Budget season has arrived at the municipal level, with the usual financing myths being repeated over and over again. The refrain goes as follows. Canada has an immense infrastructure deficit. Property taxes, the major source of municipal revenues, are the worst of all taxes and cannot be increased. Municipal governments need manna to fall from heaven (manna being federal and provincial dollars). It is a tiresome refrain. Let’s first start with the supposed $120-billion infrastructure deficit (continuously repeated for almost a decade, even after $40-billion of committed 2007-14 federal infrastructure spending).
Canadians well understand the concept of a fiscal deficit, which is the observed difference between public spending and revenues. A public infrastructure deficit is a fictitious concept comparing what is spent on infrastructure (an observable number) with what “ought to be spent” (an unobservable number).
In a world with scarce resources, people want more money spent on something than what is available. But that is not a “deficit.” Otherwise, we have health, education and social deficits, to name a few. In principle, optimal spending would be based on a benefit-cost calculus and programs rejected if benefits are less than cost.
In the public sector, infrastructure spending is not only determined by economic considerations but also by political whims. Some projects like opera houses and sports stadiums are viewed as necessary “infrastructure” by some, but not others. Even if the public agrees that some projects are critical, costs become out of line with what is really needed due to poor planning or unnecessary rules (such as artwork on structures).
For example, Calgary’s tunnel-visioned city council voted for a $414-million project including road upgrades to link the northeast part of the city with the airport. Maybe this makes economic sense, but one cannot help wonder whether the money could have been better spent elsewhere (like LRT expansion). And even if everyone agrees this is a good spend, maybe it could have been built at less cost (Naheed Nenshi suggested $150-million on a website before becoming Mayor).
The so-called infrastructure deficit can be as big or as little as politicians and their voters seek.
Another myth regards the much-maligned property tax. Property taxes reduce the incentive for improvements, so they impose some economic cost. These taxes are also heavily criticized as being unfair to low-income residents, even though several provinces provide a property tax credit and allow tax increases to be deferred for the elderly until property is sold.
Despite these criticisms, the property tax is one of the least harmful taxes in today’s world. Land and structures do not move, so property taxes tend to fall on the owners and can therefore be mildly progressive (as the rich tend to spend more on housing than the poor). At the municipal level, the property tax operates as a surrogate user charge, albeit only in a rough way, when municipal infrastructure spending on sewers, bridges, transit, parks and roads increase property values.

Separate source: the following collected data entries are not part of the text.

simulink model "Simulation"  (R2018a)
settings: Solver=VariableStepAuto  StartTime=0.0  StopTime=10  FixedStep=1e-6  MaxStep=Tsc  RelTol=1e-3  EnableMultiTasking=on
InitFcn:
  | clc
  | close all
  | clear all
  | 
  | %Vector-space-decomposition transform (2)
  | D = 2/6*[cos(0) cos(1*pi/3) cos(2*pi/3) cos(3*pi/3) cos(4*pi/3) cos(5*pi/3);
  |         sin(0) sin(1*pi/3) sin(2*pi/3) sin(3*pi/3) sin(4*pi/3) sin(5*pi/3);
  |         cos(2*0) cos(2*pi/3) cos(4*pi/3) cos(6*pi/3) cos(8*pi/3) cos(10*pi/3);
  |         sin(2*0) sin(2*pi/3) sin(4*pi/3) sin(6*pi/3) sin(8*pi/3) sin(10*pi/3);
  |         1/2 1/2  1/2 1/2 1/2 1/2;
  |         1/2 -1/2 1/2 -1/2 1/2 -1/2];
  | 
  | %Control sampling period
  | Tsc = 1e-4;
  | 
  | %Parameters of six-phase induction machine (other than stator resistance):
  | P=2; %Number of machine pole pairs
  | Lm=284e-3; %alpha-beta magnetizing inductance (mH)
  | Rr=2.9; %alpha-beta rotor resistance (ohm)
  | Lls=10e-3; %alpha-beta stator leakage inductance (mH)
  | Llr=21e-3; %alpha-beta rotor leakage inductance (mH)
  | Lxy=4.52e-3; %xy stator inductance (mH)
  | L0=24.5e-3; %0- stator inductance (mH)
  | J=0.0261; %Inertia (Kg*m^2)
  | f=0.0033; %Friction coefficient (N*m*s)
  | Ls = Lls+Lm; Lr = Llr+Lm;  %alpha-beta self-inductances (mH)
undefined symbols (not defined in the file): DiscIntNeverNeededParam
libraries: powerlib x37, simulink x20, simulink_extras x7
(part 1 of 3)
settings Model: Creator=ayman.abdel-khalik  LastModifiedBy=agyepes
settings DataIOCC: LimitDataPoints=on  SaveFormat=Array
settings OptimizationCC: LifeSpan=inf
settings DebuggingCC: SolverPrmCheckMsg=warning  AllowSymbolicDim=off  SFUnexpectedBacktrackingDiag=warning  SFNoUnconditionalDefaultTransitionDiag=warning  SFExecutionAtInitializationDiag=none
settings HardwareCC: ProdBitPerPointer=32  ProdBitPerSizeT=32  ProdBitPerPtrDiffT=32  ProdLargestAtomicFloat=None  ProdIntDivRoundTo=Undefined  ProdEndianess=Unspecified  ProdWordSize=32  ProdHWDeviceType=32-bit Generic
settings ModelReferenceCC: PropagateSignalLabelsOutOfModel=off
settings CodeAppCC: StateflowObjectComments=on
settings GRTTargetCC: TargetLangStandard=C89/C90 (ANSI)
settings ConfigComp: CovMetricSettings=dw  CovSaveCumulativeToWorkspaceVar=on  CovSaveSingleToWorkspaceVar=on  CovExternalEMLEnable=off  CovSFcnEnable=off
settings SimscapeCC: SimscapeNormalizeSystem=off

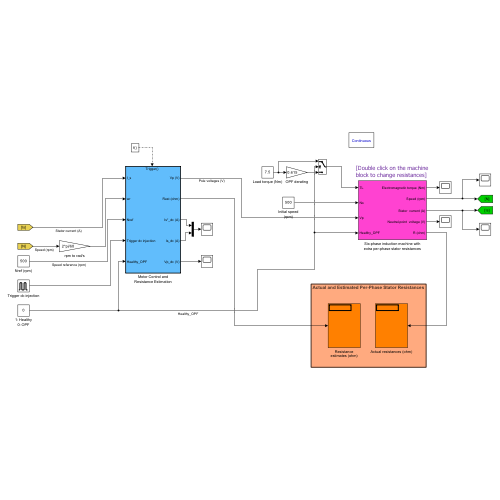
[thumbnail: Simulink's stored preview of the top-level diagram]
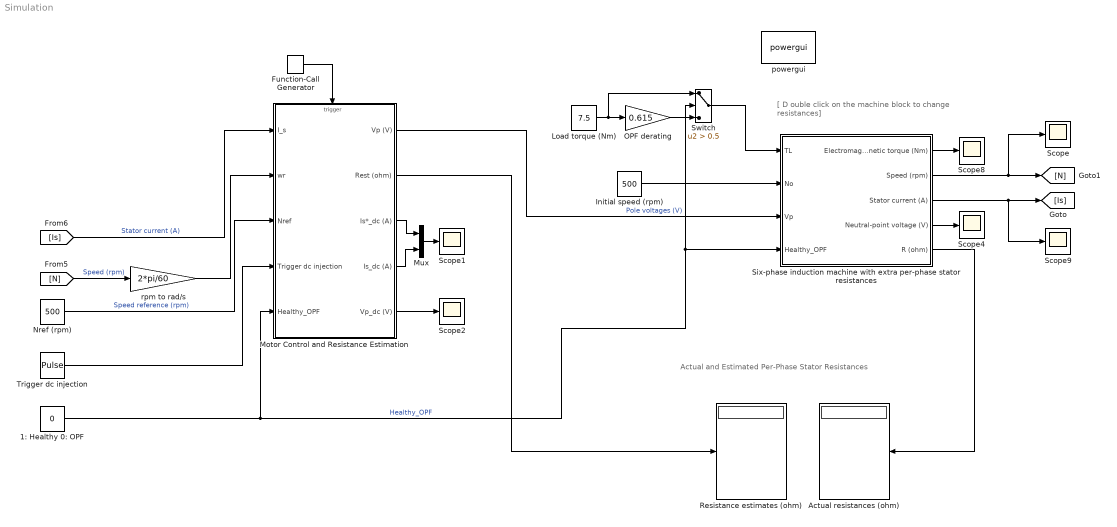
== system Simulation ==
  note: Actual and Estimated Per-Phase Stator Resistances
  note: [ D ouble click on the machine
      | block to change resistances]
  1: Healthy 0: OPF : Constant  Value=0
  Actual resistances (ohm) : Display
  Function-Call Generator : simulink/Ports & Subsystems/Function-Call Generator  sample_time=Tsc  numberOfIterations=1
  Initial speed (rpm) : Constant  Value=500
  Load torque (Nm) : Constant  Value=7.5
  Motor Control and Resistance Estimation : Subsystem
  Mux : Mux  Inputs=2
  Nref (rpm) : Constant  Value=500
  OPF derating : Gain  Gain=0.615
  Resistance estimates (ohm) : Display
  Scope{,1..2,4,8..9} (6 alike) : Scope
  Six-phase induction machine with extra per-phase stator resistances : Subsystem  mask{Radd=[3.15 5.1 2.15 4.4 0.2 0.05], Rs=4.4, Rr=Rr, Lm=Lm, Ls=Ls, Lr=Lr}
      mask prompts: Radd "Additional per-phase resistances [0-100] (ohm)"; Rs "Nominal stator resistance (ohm)"; Rr "Rotor resistance"; Lm "Alpha-beta magnetizing inductance"; Ls "Alpha-beta stator self-inductance"; Lr "Alpha-beta rotor self-inductance"
      mask init:
      | %In absence of extra resistances, the stator resistance is equal in all VSD
      | %subspaces:
      | Rxy = Rs;
      | R0 = Rs;
      | 
      | %Matrices for the machine alpha-beta equivalent circuit:
      | R1 = diag([Rs Rs Rr Rr]);
      | L1 = [Ls 0 Lm 0;
      | 	  0 Ls 0 Lm;
      | 	  Lm 0 Lr 0;
      | 	  0 Lm 0 Lr];
      | G1 = [0 0 0 0;
      |     0 0 0 0;
      |     0 0 0 1;
      |     0 0 -1 0];
      | 
      | L2=[0 0 Lm 0;
      | 	  0 0 0 Lm;
      | 	  0 0 0 0];
  Switch : Switch  Criteria=u2 > Threshold  Threshold=0.5
  Trigger dc injection : DiscretePulseGenerator  PulseType=Time based  Period=360  PhaseDelay=2
  powergui : powerlib/powergui  Priority=1  SimulationMode=Continuous  SampleTime=1e-4  frequency=60  Iterations=50  frequencyindice=0  Pbase=100e6  ErrMax=1e-4  UnitsV=kV  UnitsW=MW  buscounter=0  FunctionMessages=off  echomessages=off  EnableUseOfTLC=off  CurrentSourceSwitches=off  DisableSnubberDevices=off  DisableRonSwitches=off  DisableVfSwitches=off  DisplayEquations=off  AutomaticDiscreteSolvers=off  SolverType=Tustin/Backward Euler (TBE)  Interpol=off  ExternalGateDelay=off  methode=off  Ts=100  x0status=blocks  SPID=off  SwTol=0  HookPort=off  NonlinearTolerance=1e-4  nMaxIteration=100  ContinueOnMaxIteration=off  RestoreLinks=warning  ResistiveCurrentMeasurement=off  Frange=[0:2:500]  Ylog=off  Xlog=on  ShowGrid=off  save=off  variable=ZData  structure=0  ZoomFFT=off  StartTime=0.0  cycles=1  DisplayStyle=1  fundamental=60  FreqAxis=off  MaxFrequency=1000  frequencyindicesteady=1  RmsSteady=1  display=off
  rpm to rad/s : Gain  Gain=2*pi/60
  wires:
  [N] -> rpm to rad/s/1  "Speed (rpm)"
  [Is] -> Motor Control and Resistance Estimation/1(I_s)  "Stator current (A)"
  rpm to rad/s/1 -> Motor Control and Resistance Estimation/2(wr)
  Nref (rpm)/1 -> Motor Control and Resistance Estimation/3(Nref)  "Speed reference (rpm)"
  Motor Control and Resistance Estimation/1(Vp (V)) -> Six-phase induction machine with extra per-phase stator resistances/3(Vp)  "Pole voltages (V)"
  Motor Control and Resistance Estimation/2(Rest (ohm)) -> Resistance estimates (ohm)/1
  Trigger dc injection/1 -> Motor Control and Resistance Estimation/4(Trigger dc injection)
  Function-Call Generator/1 -> Motor Control and Resistance Estimation/Trigger
  Six-phase induction machine with extra per-phase stator resistances/2(Speed (rpm)) -> Scope/1, [N]
  Six-phase induction machine with extra per-phase stator resistances/3(Stator current (A)) -> Scope9/1, [Is]
  Switch/1 -> Six-phase induction machine with extra per-phase stator resistances/1(TL)
  Initial speed (rpm)/1 -> Six-phase induction machine with extra per-phase stator resistances/2(No)
  Six-phase induction machine with extra per-phase stator resistances/1(Electromagnetic torque (Nm)) -> Scope8/1
  Six-phase induction machine with extra per-phase stator resistances/4(Neutral-point voltage (V)) -> Scope4/1
  Six-phase induction machine with extra per-phase stator resistances/5(R (ohm)) -> Actual resistances (ohm)/1
  1: Healthy 0: OPF/1 -> Switch/2, Six-phase induction machine with extra per-phase stator resistances/4(Healthy_OPF), Motor Control and Resistance Estimation/5(Healthy_OPF)  "Healthy_OPF"
  Load torque (Nm)/1 -> Switch/1, OPF derating/1
  OPF derating/1 -> Switch/3
  Motor Control and Resistance Estimation/3(Is*_dc (A)) -> Mux/1
  Motor Control and Resistance Estimation/4(Is_dc (A)) -> Mux/2
  Mux/1 -> Scope1/1
  Motor Control and Resistance Estimation/5(Vp_dc (V)) -> Scope2/1

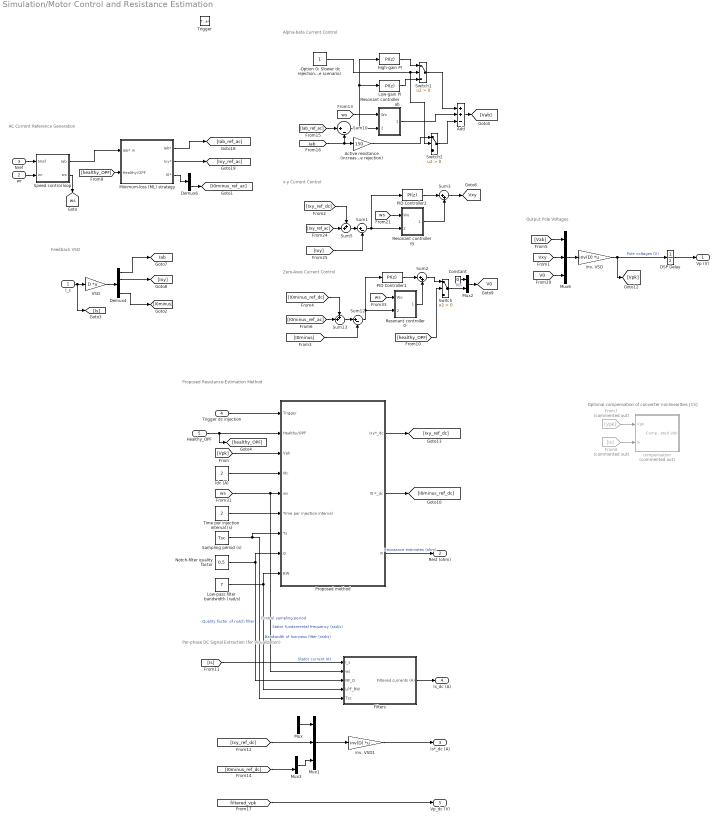
== system Simulation/Motor Control and Resistance Estimation ==
  note: Per-phase DC Signal Extraction (for Visualization)
  note: Optional compensation of converter nonlinearities [15]
  note: AC Current Reference Generation
  note: Output Pole Voltages
  note: Alpha-beta Current Control
  note: Feedback VSD
  note: x-y Current Control
  note: Zero-Axes Current Control
  note: Proposed Resistance-Estimation Method
  I_s : Inport
  wr : Inport  Port=2
  Nref : Inport  Port=3
  Trigger dc injection : Inport  Port=4
  Healthy_OPF : Inport  Port=5
  Trigger : TriggerPort  TriggerType=function-call  VariantControl=(inherit)  SampleTime=1e-4  PortDimensions=1
  "-Option 0: Slower dc rejection -Option 1: Faster dc rejection In experiments, 0 is used (worst-case scenario)" : Constant
  Active resistance (increases disturbance rejection) : Gain  Gain=150
  Add : Sum  Inputs=++-
  Constant : Constant  Value=0
  DSP Delay : UnitDelay  SampleTime=-1  HasFrameUpgradeWarning=on
  Demux4 : Demux  Outputs=[2 2 1 1 ]
  Demux6 : Demux  Outputs=2
  Filters : Subsystem
  From7 : From  Commented=on  GotoTag=Vpk
  From8 : From  Commented=on  GotoTag=Is
  High-gain PI : simulink/Continuous/PID Controller  Controller=PI  Form=Parallel  TimeDomain=Discrete-time  SampleTime=-1  IntegratorMethod=Forward Euler  ControllerParametersSource=internal  P=5  I=20000  D=0.001  N=100  UseFilter=on  TunerSelectOption=Transfer Function Based (PID Tuner App)  ZeroCross=off  InitialConditionSource=internal  InitialConditionForIntegrator=0  InitialConditionForFilter=0  DifferentiatorICPrevScaledInput=0  ExternalReset=none  TrackingMode=off  Kt=1  LimitOutput=on  UpperSaturationLimit=100  LowerSaturationLimit=-100  LinearizeAsGain=off  AntiWindupMode=clamping  Kb=1  POutMin=[]  POutMax=[]  IOutMin=[]  IOutMax=[]  DOutMin=[]  DOutMax=[]  NOutMin=[]  NOutMax=[]  SumOutMin=[]  SumOutMax=[]  SaturationOutMin=[]  SaturationOutMax=[]  PParamMin=[]  PParamMax=[]  IParamMin=[]  IParamMax=[]  DParamMin=[]  DParamMax=[]  NParamMin=[]  NParamMax=[]  KbParamMin=[]  KbParamMax=[]  KtParamMin=[]  KtParamMax=[]  KbOutMin=[]  KbOutMax=[]  KtOutMin=[]  KtOutMax=[]  IntegratorOutMin=[]  IntegratorOutMax=[]  FilterOutMin=[]  FilterOutMax=[]  SumI1OutMin=[]  SumI1OutMax=[]  SumI2OutMin=[]  SumI2OutMax=[]  SumI3OutMin=[]  SumI3OutMax=[]  SumDOutMin=[]  SumDOutMax=[]  DifferentiatorOutMin=[]  DifferentiatorOutMax=[]  FilterDiffOutCoefMin=[]  FilterDiffOutCoefMax=[]  ReciprocalOutMin=[]  ReciprocalOutMax=[]  SumDenOutMin=[]  SumDenOutMax=[]  SumNumOutMin=[]  SumNumOutMax=[]  DivideOutMin=[]  DivideOutMax=[]  IntegratorContinuousStateAttributes=''  IntegratorStateMustResolveToSignalObject=off  IntegratorRTWStateStorageClass=Auto  FilterContinuousStateAttributes=''  FilterStateMustResolveToSignalObject=off  FilterRTWStateStorageClass=Auto
  Idc (A) : Constant  Value=2
  Low-gain PI : simulink/Continuous/PID Controller  Controller=PI  Form=Parallel  TimeDomain=Discrete-time  SampleTime=-1  IntegratorMethod=Forward Euler  ControllerParametersSource=internal  P=2.6  I=670  D=0.001  N=100  UseFilter=on  TunerSelectOption=Transfer Function Based (PID Tuner App)  ZeroCross=off  InitialConditionSource=internal  InitialConditionForIntegrator=0  InitialConditionForFilter=0  DifferentiatorICPrevScaledInput=0  ExternalReset=none  TrackingMode=off  Kt=1  LimitOutput=on  UpperSaturationLimit=100  LowerSaturationLimit=-100  LinearizeAsGain=off  AntiWindupMode=clamping  Kb=1  POutMin=[]  POutMax=[]  IOutMin=[]  IOutMax=[]  DOutMin=[]  DOutMax=[]  NOutMin=[]  NOutMax=[]  SumOutMin=[]  SumOutMax=[]  SaturationOutMin=[]  SaturationOutMax=[]  PParamMin=[]  PParamMax=[]  IParamMin=[]  IParamMax=[]  DParamMin=[]  DParamMax=[]  NParamMin=[]  NParamMax=[]  KbParamMin=[]  KbParamMax=[]  KtParamMin=[]  KtParamMax=[]  KbOutMin=[]  KbOutMax=[]  KtOutMin=[]  KtOutMax=[]  IntegratorOutMin=[]  IntegratorOutMax=[]  FilterOutMin=[]  FilterOutMax=[]  SumI1OutMin=[]  SumI1OutMax=[]  SumI2OutMin=[]  SumI2OutMax=[]  SumI3OutMin=[]  SumI3OutMax=[]  SumDOutMin=[]  SumDOutMax=[]  DifferentiatorOutMin=[]  DifferentiatorOutMax=[]  FilterDiffOutCoefMin=[]  FilterDiffOutCoefMax=[]  ReciprocalOutMin=[]  ReciprocalOutMax=[]  SumDenOutMin=[]  SumDenOutMax=[]  SumNumOutMin=[]  SumNumOutMax=[]  DivideOutMin=[]  DivideOutMax=[]  IntegratorContinuousStateAttributes=''  IntegratorStateMustResolveToSignalObject=off  IntegratorRTWStateStorageClass=Auto  FilterContinuousStateAttributes=''  FilterStateMustResolveToSignalObject=off  FilterRTWStateStorageClass=Auto
  Low-pass filter bandwidth (rad/s) : Constant  Value=7
  Minimum-loss (ML) strategy : Subsystem
  Mux : Mux  Inputs=2
  Mux1 : Mux  Inputs=3
  Mux2 : Mux  Inputs=2
  Mux3 : Mux  Inputs=2
  Mux6 : Mux  Inputs=3
  Notch-filter quality factor : Constant  Value=0.5
  PID Controller1 : simulink/Continuous/PID Controller  Controller=PI  Form=Parallel  TimeDomain=Discrete-time  SampleTime=-1  IntegratorMethod=Forward Euler  ControllerParametersSource=internal  P=1.6  I=670  D=0.001  N=100  UseFilter=on  TunerSelectOption=Transfer Function Based (PID Tuner App)  ZeroCross=off  InitialConditionSource=internal  InitialConditionForIntegrator=0  InitialConditionForFilter=0  DifferentiatorICPrevScaledInput=0  ExternalReset=none  TrackingMode=off  Kt=1  LimitOutput=on  UpperSaturationLimit=100  LowerSaturationLimit=-100  LinearizeAsGain=off  AntiWindupMode=clamping  Kb=1  POutMin=[]  POutMax=[]  IOutMin=[]  IOutMax=[]  DOutMin=[]  DOutMax=[]  NOutMin=[]  NOutMax=[]  SumOutMin=[]  SumOutMax=[]  SaturationOutMin=[]  SaturationOutMax=[]  PParamMin=[]  PParamMax=[]  IParamMin=[]  IParamMax=[]  DParamMin=[]  DParamMax=[]  NParamMin=[]  NParamMax=[]  KbParamMin=[]  KbParamMax=[]  KtParamMin=[]  KtParamMax=[]  KbOutMin=[]  KbOutMax=[]  KtOutMin=[]  KtOutMax=[]  IntegratorOutMin=[]  IntegratorOutMax=[]  FilterOutMin=[]  FilterOutMax=[]  SumI1OutMin=[]  SumI1OutMax=[]  SumI2OutMin=[]  SumI2OutMax=[]  SumI3OutMin=[]  SumI3OutMax=[]  SumDOutMin=[]  SumDOutMax=[]  DifferentiatorOutMin=[]  DifferentiatorOutMax=[]  FilterDiffOutCoefMin=[]  FilterDiffOutCoefMax=[]  ReciprocalOutMin=[]  ReciprocalOutMax=[]  SumDenOutMin=[]  SumDenOutMax=[]  SumNumOutMin=[]  SumNumOutMax=[]  DivideOutMin=[]  DivideOutMax=[]  IntegratorContinuousStateAttributes=''  IntegratorStateMustResolveToSignalObject=off  IntegratorRTWStateStorageClass=Auto  FilterContinuousStateAttributes=''  FilterStateMustResolveToSignalObject=off  FilterRTWStateStorageClass=Auto
  PID Controller2 : simulink/Continuous/PID Controller  Controller=PI  Form=Parallel  TimeDomain=Discrete-time  SampleTime=-1  IntegratorMethod=Forward Euler  ControllerParametersSource=internal  P=1.6  I=670  D=0.001  N=100  UseFilter=on  TunerSelectOption=Transfer Function Based (PID Tuner App)  ZeroCross=off  InitialConditionSource=internal  InitialConditionForIntegrator=0  InitialConditionForFilter=0  DifferentiatorICPrevScaledInput=0  ExternalReset=none  TrackingMode=off  Kt=1  LimitOutput=on  UpperSaturationLimit=100  LowerSaturationLimit=-100  LinearizeAsGain=off  AntiWindupMode=clamping  Kb=1  POutMin=[]  POutMax=[]  IOutMin=[]  IOutMax=[]  DOutMin=[]  DOutMax=[]  NOutMin=[]  NOutMax=[]  SumOutMin=[]  SumOutMax=[]  SaturationOutMin=[]  SaturationOutMax=[]  PParamMin=[]  PParamMax=[]  IParamMin=[]  IParamMax=[]  DParamMin=[]  DParamMax=[]  NParamMin=[]  NParamMax=[]  KbParamMin=[]  KbParamMax=[]  KtParamMin=[]  KtParamMax=[]  KbOutMin=[]  KbOutMax=[]  KtOutMin=[]  KtOutMax=[]  IntegratorOutMin=[]  IntegratorOutMax=[]  FilterOutMin=[]  FilterOutMax=[]  SumI1OutMin=[]  SumI1OutMax=[]  SumI2OutMin=[]  SumI2OutMax=[]  SumI3OutMin=[]  SumI3OutMax=[]  SumDOutMin=[]  SumDOutMax=[]  DifferentiatorOutMin=[]  DifferentiatorOutMax=[]  FilterDiffOutCoefMin=[]  FilterDiffOutCoefMax=[]  ReciprocalOutMin=[]  ReciprocalOutMax=[]  SumDenOutMin=[]  SumDenOutMax=[]  SumNumOutMin=[]  SumNumOutMax=[]  DivideOutMin=[]  DivideOutMax=[]  IntegratorContinuousStateAttributes=''  IntegratorStateMustResolveToSignalObject=off  IntegratorRTWStateStorageClass=Auto  FilterContinuousStateAttributes=''  FilterStateMustResolveToSignalObject=off  FilterRTWStateStorageClass=Auto
  Proposed method : Subsystem
  Resonant controller 0- : Subsystem
  Resonant controller ab : Subsystem
  Resonant controller xy : Subsystem
  Sampling period (s) : Constant  Value=Tsc
  Speed control loop : Subsystem
  Sum1 : Sum  Inputs=|+-
  Sum10 : Sum  Inputs=|+-
  Sum12 : Sum  Inputs=|+-
  Sum13 : Sum  Inputs=++|
  Sum2 : Sum  Inputs=|++
  Sum3 : Sum  Inputs=|++
  Sum5 : Sum  Inputs=++|
  Switch : Switch  Criteria=u2 > Threshold
  Switch1 : Switch  Criteria=u2 > Threshold
  Switch2 : Switch  Criteria=u2 > Threshold
  Time per injection interval (s) : Constant  Value=2
  VSD : Gain  Gain=D  Multiplication=Matrix(K*u)
  compensation : Subsystem  Commented=on  mask{VDC=300, TPWM=Tsc, DT0=380e-9, ton=750e-9, toff=900e-9}
      mask prompts: VDC "Dc-link voltage (V)"; TPWM "Switching period (s)"; DT0 "Dead time (s)"; ton "Turn-on time (s)"; toff "Turn-off time (s)"
      mask init:
      | DT=DT0/TPWM;
      | Dly=(toff-ton)/TPWM;
  inv. VSD : Gain  Gain=inv(D)  Multiplication=Matrix(K*u)
  inv. VSD1 : Gain  Gain=inv(D)  Multiplication=Matrix(K*u)
  Vp (V) : Outport
  Rest (ohm) : Outport  Port=2
  Is*_dc (A) : Outport  Port=3
  Is_dc (A) : Outport  Port=4
  Vp_dc (V) : Outport  Port=5
  tag scope: Iab=global, V0=global, Vxy=global, ws=global
  wires:
  [Iab] -> Active resistance (increases disturbance rejection)/1, Sum10/2
  Sum10/1 -> Low-gain PI/1, High-gain PI/1, Resonant controller ab/2(error)
  [ws] -> Resonant controller ab/1(Wo)
  Add/1 -> [Vab]
  Mux6/1 -> inv. VSD/1
  wr/1 -> Speed control loop/2(wr)
  Nref/1 -> Speed control loop/1(Nref)
  inv. VSD/1 -> DSP Delay/1, [Vpk]  "Pole voltages (V)"
  [Vxy] -> Mux6/2
  [V0] -> Mux6/3
  [Vab] -> Mux6/1
  Demux4/4 -> [I0minus]
  Demux4/2 -> [Ixy]
  I_s/1 -> [Is], VSD/1
  Demux4/1 -> [Iab]
  VSD/1 -> Demux4/1
  Speed control loop/2(ws) -> [ws]
  Speed control loop/1(Iab) -> Minimum-loss (ML) strategy/1(Iab* in)
  Demux6/2 -> [I0minus_ref_ac]
  Minimum-loss (ML) strategy/1(Iab*) -> [Iab_ref_ac]
  Minimum-loss (ML) strategy/2(Ixy*) -> [Ixy_ref_ac]
  Minimum-loss (ML) strategy/3(I0*) -> Demux6/1
  Sum5/1 -> Sum1/1
  [ws] -> Resonant controller xy/1(Wo)
  PID Controller2/1 -> Sum3/1
  [Ixy] -> Sum1/2
  [Ixy_ref_dc] -> Sum5/1
  Sum1/1 -> Resonant controller xy/2(error), PID Controller2/1
  Sum3/1 -> [Vxy]
  Mux2/1 -> [V0]
  Sum13/1 -> Sum12/1
  [I0minus_ref_dc] -> Sum13/1
  Sum12/1 -> Resonant controller 0-/2(error), PID Controller1/1
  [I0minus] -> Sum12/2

This is not to say that property taxes are well designed. As I have shown with Tom Roberts in a 2004 C.D. Howe Institute study, property taxes discriminate against rental housing. Business property taxes have been in excess of municipal spending benefits, thereby hurting competitiveness. Singleoccupied housing is under-taxed since the levies are less than the value of municipal services provided to residents, especially so in Alberta.
This gets to the final myth: Federal and provincial governments need to provide more infrastructure money to fund municipal infrastructure spending. Certainly, federal governments should fund border and interprovincial linkages (airports, ports, and some highways and roads). Similarly, the provinces should fund inter-city linkages, since only they can co-ordinate infrastructure spending at this level. On the other hand, municipalities should fund local infrastructure, such as residential roads and bridges, local urban transit and cultural institutions, etc.
This lesson gets lost, which becomes rather unfortunate. Municipal politicians, crying that they have little money to fund infrastructure, seek other levels of governments to raise taxes to fund their infrastructure whims. They typically argue that residents pay most of the taxes in Canada and get little in return (as if federal and provincial spending does not matter to city residents).
However, by breaking the bond between taxes and spending powers, we mess up political accountability. Upper-level governments become responsible for municipal decisions, even though their voters span a much larger geographical area. Residents of one city end up paying for another’s local infrastructure, yet cannot vote for its municipal mayor.
It is far better for municipal governments looking to spend money on their infrastructure programs to raise their own public funds. Municipal property taxes and user fees are quite appropriate levies to fund infrastructure.
Where municipal councils are correct is in arguing for more flexible financing tools for local infrastructure. The most efficient and fair revenue source is tolling to better price major roads and bridges (technology is now making this easy). Unlike air and rail travel infrastructure (excessive for air and subsidized for VIA Rail), roads are poorly priced.
As a second-best alternative, some municipal excise taxes would make sense, such as levies on fuel, amusement tickets and hotels to cover infrastructure that benefits users, including tourists. A gasoline tax is less effective in pricing roads for use and congestion compared with tolls — increased toll levies should therefore result in some reduction of fuel taxes for this reason.
Regardless, it is time to put to rest the infrastructure-financing myths propagated by municipalities that look for someone else to subsidize their dreams.